[Extracted information — start]

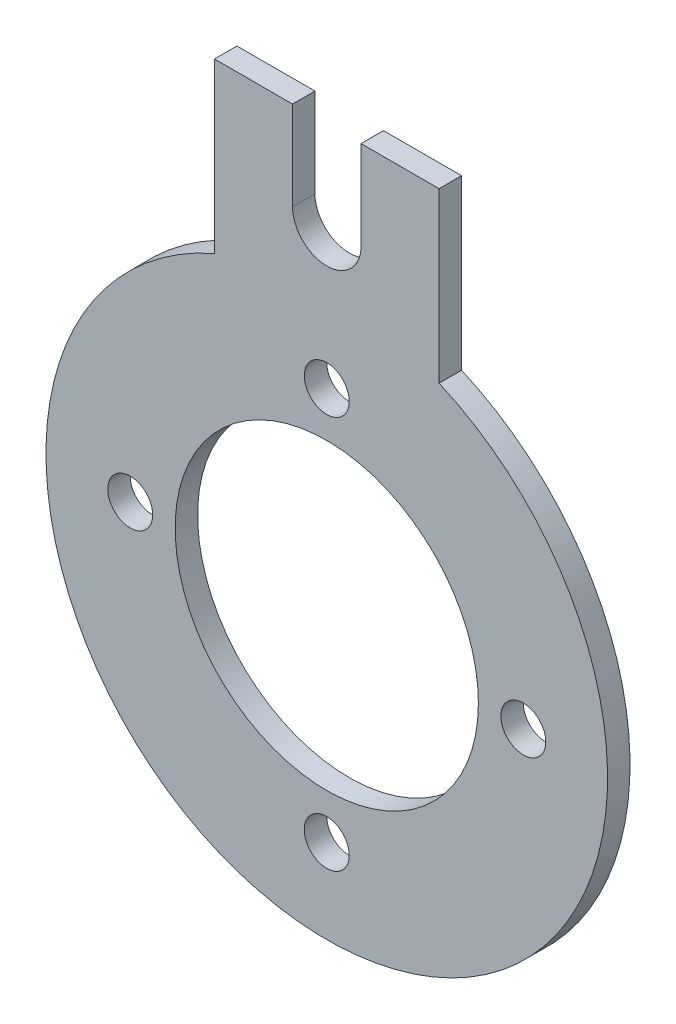
SolidWorks part; units mm, degrees
ref_plane "前视基准面" through (0, 0, 0) normal (0, 0, 1) x (1, 0, 0)
ref_plane "上视基准面" through (0, 0, 0) normal (0, 1, 0) x (1, 0, 0)
ref_plane "右视基准面" through (0, 0, 0) normal (1, 0, 0) x (0, 0, -1)
sketch "草图1" plane through (0, 0, 0) normal (0, 0, 1) x (1, 0, 0)
  circle A0 centre (0, 0) radius 25
  circle A1 centre (0, 17.5) radius 2
  circle A2 centre (17.5, 0) radius 2
  circle A3 centre (0, -17.5) radius 2
  circle A4 centre (-17.5, 0) radius 2
  point P14 (0, 0)
  dimension "D1" = 50
  dimension "D2" = 4
  dimension "D3" = 17.5
  dimension "D4" = 4
extrude "凸台-拉伸1" add sketch "草图1" along normal blind 2
sketch "草图2" plane through (0, 0, 2) normal (0, 0, 1) x (1, 0, 0)
  line L0 (-10, 22.9129) -> (-10, 37.9129)
  line L1 (10, 22.9129) -> (10, 37.9129)
  line L2 (-3.05, 30) -> (-3.05, 37.9129)
  line L3 (3.05, 30) -> (3.05, 37.9129)
  line L4 (3.05, 37.9129) -> (10, 37.9129)
  line L5 (-10, 37.9129) -> (-3.05, 37.9129)
  arc A0 (-3.05, 30) -> (3.05, 30) centre (0, 30) ccw
  circle A1 centre (0, 0) radius 25 construction
  arc A2 (10, 22.9129) -> (-10, 22.9129) centre (0, 0) ccw
  dimension "D1" = 6.1
  dimension "D2" = 30
  dimension "D3" = 10
  dimension "D4" = 10
  dimension "D5" = 15
  dimension "D6" = 15
extrude "凸台-拉伸2" add sketch "草图2" against normal blind 2
sketch "草图3" plane through (0, 0, 2) normal (0, 0, 1) x (1, 0, 0)
  circle A0 centre (0, 0) radius 13.5
  dimension "D1" = 27
extrude "切除-拉伸1" cut sketch "草图3" against normal blind 2

[Extracted information — finish]

_What is required:_ Please return all lines above in which the string "centre" is found.

_Worked solution:_
  circle A0 centre (0, 0) radius 25
  circle A1 centre (0, 17.5) radius 2
  circle A2 centre (17.5, 0) radius 2
  circle A3 centre (0, -17.5) radius 2
  circle A4 centre (-17.5, 0) radius 2
  arc A0 (-3.05, 30) -> (3.05, 30) centre (0, 30) ccw
  circle A1 centre (0, 0) radius 25 construction
  arc A2 (10, 22.9129) -> (-10, 22.9129) centre (0, 0) ccw
  circle A0 centre (0, 0) radius 13.5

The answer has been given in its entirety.